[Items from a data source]
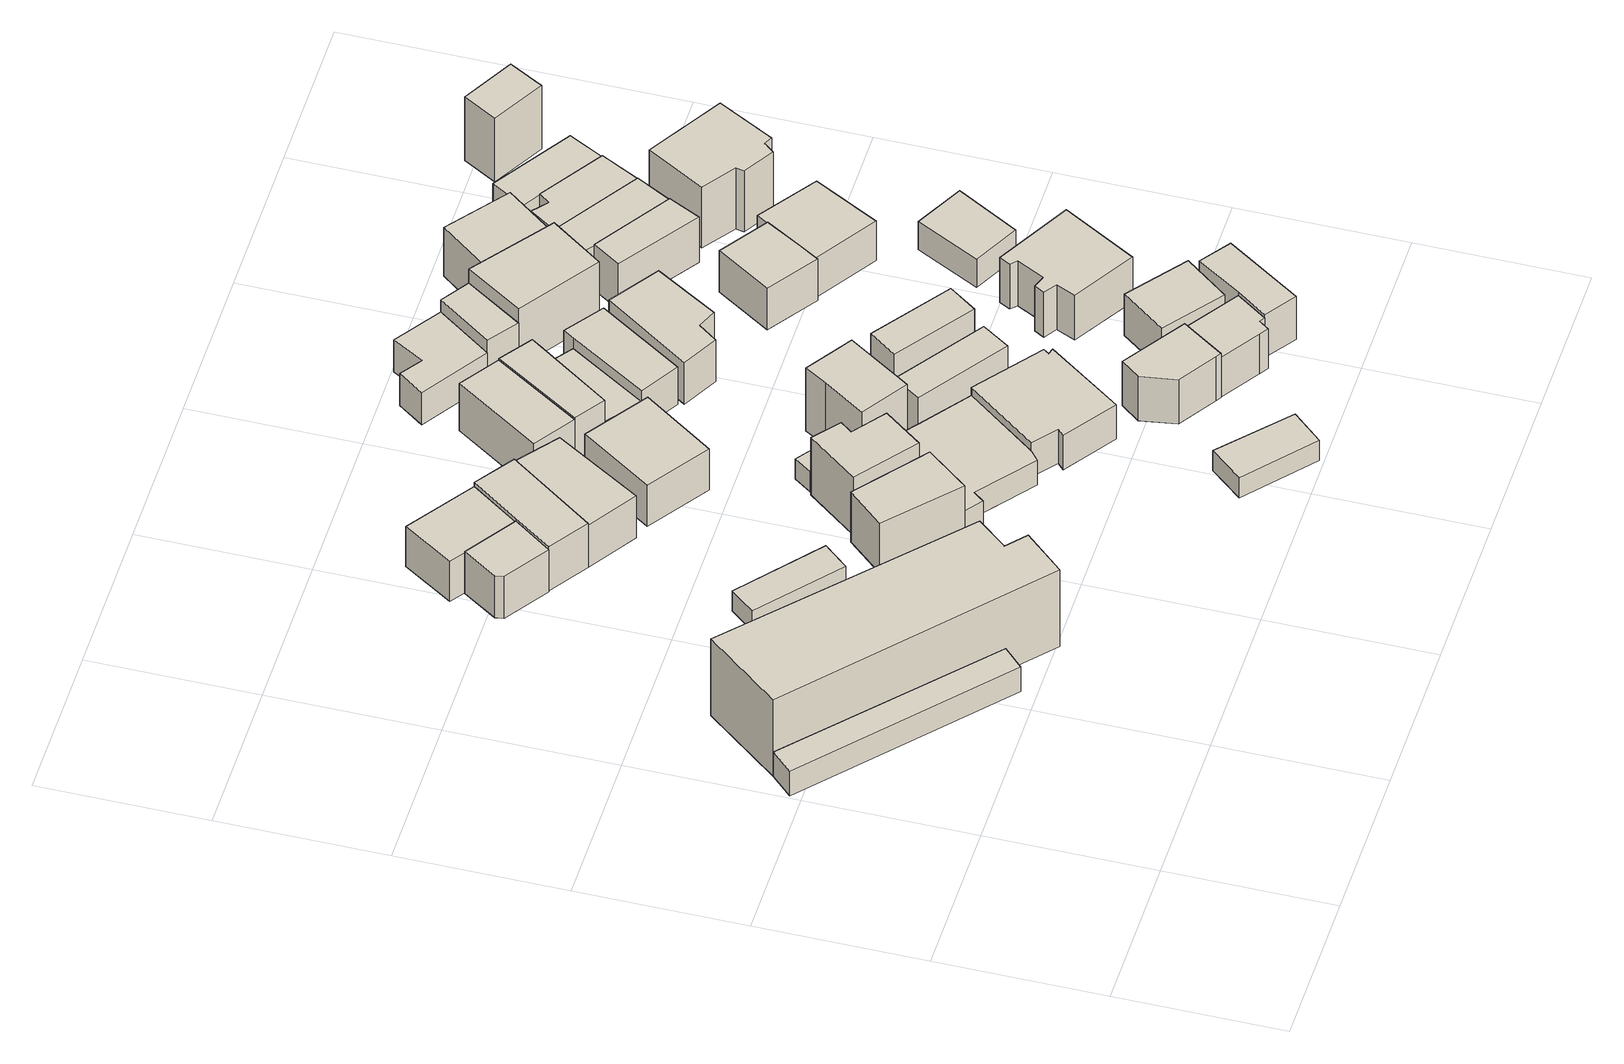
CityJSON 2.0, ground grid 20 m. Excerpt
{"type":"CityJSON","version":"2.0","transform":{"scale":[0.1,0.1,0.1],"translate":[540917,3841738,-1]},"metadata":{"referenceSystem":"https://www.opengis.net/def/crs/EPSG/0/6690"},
"CityObjects":{
"building1":{"type":"Building","attributes":{"計測周辺長":65.83,"1/2500図郭":15,"区名":"西淀川区","町丁目名称":"佃１丁目","街区番号":21,"class":"3003","usage":"422","measuredHeight":3.7,"storeysAboveGround":1,"BuildingDetailAttribute.buildingRoofEdgeArea":99.16,"BuildingDetailAttribute.buildingStructureType":"601","BuildingDetailAttribute.buildingStructureOrgType":"1","BuildingDetailAttribute.detailedUsage":"1402","BuildingDetailAttribute.specifiedBuildingCoverageRate":0.8,"BuildingDetailAttribute.surveyYear":2017,"BuildingTsunamiRiskAttribute.description":"1","BuildingTsunamiRiskAttribute.rank":"2","BuildingTsunamiRiskAttribute.depth":2.23,"BuildingHighTideRiskAttribute.description":"1","BuildingHighTideRiskAttribute.rank":"4","BuildingHighTideRiskAttribute.depth":6.6,"BuildingIDAttribute.prefecture":"27","BuildingIDAttribute.city":"27113"},"geometry":[{"type":"Solid","lod":"1","boundaries":[[[[0,1,2,3]],[[2,4,5,3]],[[1,6,4,2]],[[0,7,6,1]],[[3,5,7,0]],[[4,6,7,5]]]]}]},
"building2":{"type":"Building","attributes":{"計測周辺長":96.06,"1/2500図郭":15,"区名":"西淀川区","町丁目名称":"佃１丁目","街区番号":21,"class":"3002","usage":"422","measuredHeight":11.5,"storeysAboveGround":3,"BuildingDetailAttribute.buildingRoofEdgeArea":398.46,"BuildingDetailAttribute.buildingStructureType":"603","BuildingDetailAttribute.buildingStructureOrgType":"3","BuildingDetailAttribute.detailedUsage":"1402","BuildingDetailAttribute.specifiedBuildingCoverageRate":0.8,"BuildingDetailAttribute.surveyYear":2017,"BuildingTsunamiRiskAttribute.description":"1","BuildingTsunamiRiskAttribute.rank":"2","BuildingTsunamiRiskAttribute.depth":2.1,"BuildingHighTideRiskAttribute.description":"1","BuildingHighTideRiskAttribute.rank":"4","BuildingHighTideRiskAttribute.depth":6.47,"BuildingIDAttribute.prefecture":"27","BuildingIDAttribute.city":"27113"},"geometry":[{"type":"Solid","lod":"1","boundaries":[[[[8,9,10,11,12,3]],[[12,13,14,3]],[[11,15,13,12]],[[10,16,15,11]],[[9,17,16,10]],[[8,18,17,9]],[[3,14,18,8]],[[13,15,16,17,18,14]]]]}]},
"building3":{"type":"Building","attributes":{"class":"3003","BuildingDetailAttribute.specifiedBuildingCoverageRate":0.8,"BuildingDetailAttribute.surveyYear":2017,"BuildingTsunamiRiskAttribute.description":"1","BuildingTsunamiRiskAttribute.rank":"2","BuildingTsunamiRiskAttribute.depth":2.25,"BuildingHighTideRiskAttribute.description":"1","BuildingHighTideRiskAttribute.rank":"4","BuildingHighTideRiskAttribute.depth":6.61,"BuildingIDAttribute.prefecture":"27","BuildingIDAttribute.city":"27113"},"geometry":[{"type":"Solid","lod":"1","boundaries":[[[[19,20,21,22]],[[21,23,24,22]],[[20,25,23,21]],[[19,26,25,20]],[[22,24,26,19]],[[23,25,26,24]]]]}]},
"building4":{"type":"Building","attributes":{"class":"3001","BuildingDetailAttribute.specifiedBuildingCoverageRate":0.8,"BuildingDetailAttribute.surveyYear":2017,"BuildingTsunamiRiskAttribute.description":"1","BuildingTsunamiRiskAttribute.rank":"2","BuildingTsunamiRiskAttribute.depth":2.13,"BuildingHighTideRiskAttribute.description":"1","BuildingHighTideRiskAttribute.rank":"4","BuildingHighTideRiskAttribute.depth":6.5,"BuildingIDAttribute.prefecture":"27","BuildingIDAttribute.city":"27113"},"geometry":[{"type":"Solid","lod":"1","boundaries":[[[[27,28,29,30]],[[29,31,32,30]],[[28,33,31,29]],[[27,34,33,28]],[[30,32,34,27]],[[31,33,34,32]]]]}]},
"building5":{"type":"Building","attributes":{"計測周辺長":24.95,"1/2500図郭":15,"区名":"西淀川区","町丁目名称":"佃１丁目","街区番号":20,"class":"3001","usage":"401","measuredHeight":6.3,"storeysAboveGround":2,"BuildingDetailAttribute.buildingRoofEdgeArea":39.39,"BuildingDetailAttribute.buildingStructureType":"601","BuildingDetailAttribute.buildingStructureOrgType":"1","BuildingDetailAttribute.detailedUsage":"1310","BuildingDetailAttribute.specifiedBuildingCoverageRate":0.8,"BuildingDetailAttribute.surveyYear":2017,"BuildingTsunamiRiskAttribute.description":"1","BuildingTsunamiRiskAttribute.rank":"2","BuildingTsunamiRiskAttribute.depth":2.5,"BuildingHighTideRiskAttribute.description":"1","BuildingHighTideRiskAttribute.rank":"4","BuildingHighTideRiskAttribute.depth":6.87,"BuildingIDAttribute.prefecture":"27","BuildingIDAttribute.city":"27113"},"geometry":[{"type":"Solid","lod":"1","boundaries":[[[[35,36,37,38,39]],[[38,40,41,39]],[[37,42,40,38]],[[36,43,42,37]],[[35,44,43,36]],[[39,41,44,35]],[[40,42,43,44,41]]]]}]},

**Task goal**
In case the records contain pictures, keep those out and repeat the rest exactly.

**Exercise output**
CityJSON 2.0, ground grid 20 m. Excerpt
{"type":"CityJSON","version":"2.0","transform":{"scale":[0.1,0.1,0.1],"translate":[540917,3841738,-1]},"metadata":{"referenceSystem":"https://www.opengis.net/def/crs/EPSG/0/6690"},
"CityObjects":{
"building1":{"type":"Building","attributes":{"計測周辺長":65.83,"1/2500図郭":15,"区名":"西淀川区","町丁目名称":"佃１丁目","街区番号":21,"class":"3003","usage":"422","measuredHeight":3.7,"storeysAboveGround":1,"BuildingDetailAttribute.buildingRoofEdgeArea":99.16,"BuildingDetailAttribute.buildingStructureType":"601","BuildingDetailAttribute.buildingStructureOrgType":"1","BuildingDetailAttribute.detailedUsage":"1402","BuildingDetailAttribute.specifiedBuildingCoverageRate":0.8,"BuildingDetailAttribute.surveyYear":2017,"BuildingTsunamiRiskAttribute.description":"1","BuildingTsunamiRiskAttribute.rank":"2","BuildingTsunamiRiskAttribute.depth":2.23,"BuildingHighTideRiskAttribute.description":"1","BuildingHighTideRiskAttribute.rank":"4","BuildingHighTideRiskAttribute.depth":6.6,"BuildingIDAttribute.prefecture":"27","BuildingIDAttribute.city":"27113"},"geometry":[{"type":"Solid","lod":"1","boundaries":[[[[0,1,2,3]],[[2,4,5,3]],[[1,6,4,2]],[[0,7,6,1]],[[3,5,7,0]],[[4,6,7,5]]]]}]},
"building2":{"type":"Building","attributes":{"計測周辺長":96.06,"1/2500図郭":15,"区名":"西淀川区","町丁目名称":"佃１丁目","街区番号":21,"class":"3002","usage":"422","measuredHeight":11.5,"storeysAboveGround":3,"BuildingDetailAttribute.buildingRoofEdgeArea":398.46,"BuildingDetailAttribute.buildingStructureType":"603","BuildingDetailAttribute.buildingStructureOrgType":"3","BuildingDetailAttribute.detailedUsage":"1402","BuildingDetailAttribute.specifiedBuildingCoverageRate":0.8,"BuildingDetailAttribute.surveyYear":2017,"BuildingTsunamiRiskAttribute.description":"1","BuildingTsunamiRiskAttribute.rank":"2","BuildingTsunamiRiskAttribute.depth":2.1,"BuildingHighTideRiskAttribute.description":"1","BuildingHighTideRiskAttribute.rank":"4","BuildingHighTideRiskAttribute.depth":6.47,"BuildingIDAttribute.prefecture":"27","BuildingIDAttribute.city":"27113"},"geometry":[{"type":"Solid","lod":"1","boundaries":[[[[8,9,10,11,12,3]],[[12,13,14,3]],[[11,15,13,12]],[[10,16,15,11]],[[9,17,16,10]],[[8,18,17,9]],[[3,14,18,8]],[[13,15,16,17,18,14]]]]}]},
"building3":{"type":"Building","attributes":{"class":"3003","BuildingDetailAttribute.specifiedBuildingCoverageRate":0.8,"BuildingDetailAttribute.surveyYear":2017,"BuildingTsunamiRiskAttribute.description":"1","BuildingTsunamiRiskAttribute.rank":"2","BuildingTsunamiRiskAttribute.depth":2.25,"BuildingHighTideRiskAttribute.description":"1","BuildingHighTideRiskAttribute.rank":"4","BuildingHighTideRiskAttribute.depth":6.61,"BuildingIDAttribute.prefecture":"27","BuildingIDAttribute.city":"27113"},"geometry":[{"type":"Solid","lod":"1","boundaries":[[[[19,20,21,22]],[[21,23,24,22]],[[20,25,23,21]],[[19,26,25,20]],[[22,24,26,19]],[[23,25,26,24]]]]}]},
"building4":{"type":"Building","attributes":{"class":"3001","BuildingDetailAttribute.specifiedBuildingCoverageRate":0.8,"BuildingDetailAttribute.surveyYear":2017,"BuildingTsunamiRiskAttribute.description":"1","BuildingTsunamiRiskAttribute.rank":"2","BuildingTsunamiRiskAttribute.depth":2.13,"BuildingHighTideRiskAttribute.description":"1","BuildingHighTideRiskAttribute.rank":"4","BuildingHighTideRiskAttribute.depth":6.5,"BuildingIDAttribute.prefecture":"27","BuildingIDAttribute.city":"27113"},"geometry":[{"type":"Solid","lod":"1","boundaries":[[[[27,28,29,30]],[[29,31,32,30]],[[28,33,31,29]],[[27,34,33,28]],[[30,32,34,27]],[[31,33,34,32]]]]}]},
"building5":{"type":"Building","attributes":{"計測周辺長":24.95,"1/2500図郭":15,"区名":"西淀川区","町丁目名称":"佃１丁目","街区番号":20,"class":"3001","usage":"401","measuredHeight":6.3,"storeysAboveGround":2,"BuildingDetailAttribute.buildingRoofEdgeArea":39.39,"BuildingDetailAttribute.buildingStructureType":"601","BuildingDetailAttribute.buildingStructureOrgType":"1","BuildingDetailAttribute.detailedUsage":"1310","BuildingDetailAttribute.specifiedBuildingCoverageRate":0.8,"BuildingDetailAttribute.surveyYear":2017,"BuildingTsunamiRiskAttribute.description":"1","BuildingTsunamiRiskAttribute.rank":"2","BuildingTsunamiRiskAttribute.depth":2.5,"BuildingHighTideRiskAttribute.description":"1","BuildingHighTideRiskAttribute.rank":"4","BuildingHighTideRiskAttribute.depth":6.87,"BuildingIDAttribute.prefecture":"27","BuildingIDAttribute.city":"27113"},"geometry":[{"type":"Solid","lod":"1","boundaries":[[[[35,36,37,38,39]],[[38,40,41,39]],[[37,42,40,38]],[[36,43,42,37]],[[35,44,43,36]],[[39,41,44,35]],[[40,42,43,44,41]]]]}]},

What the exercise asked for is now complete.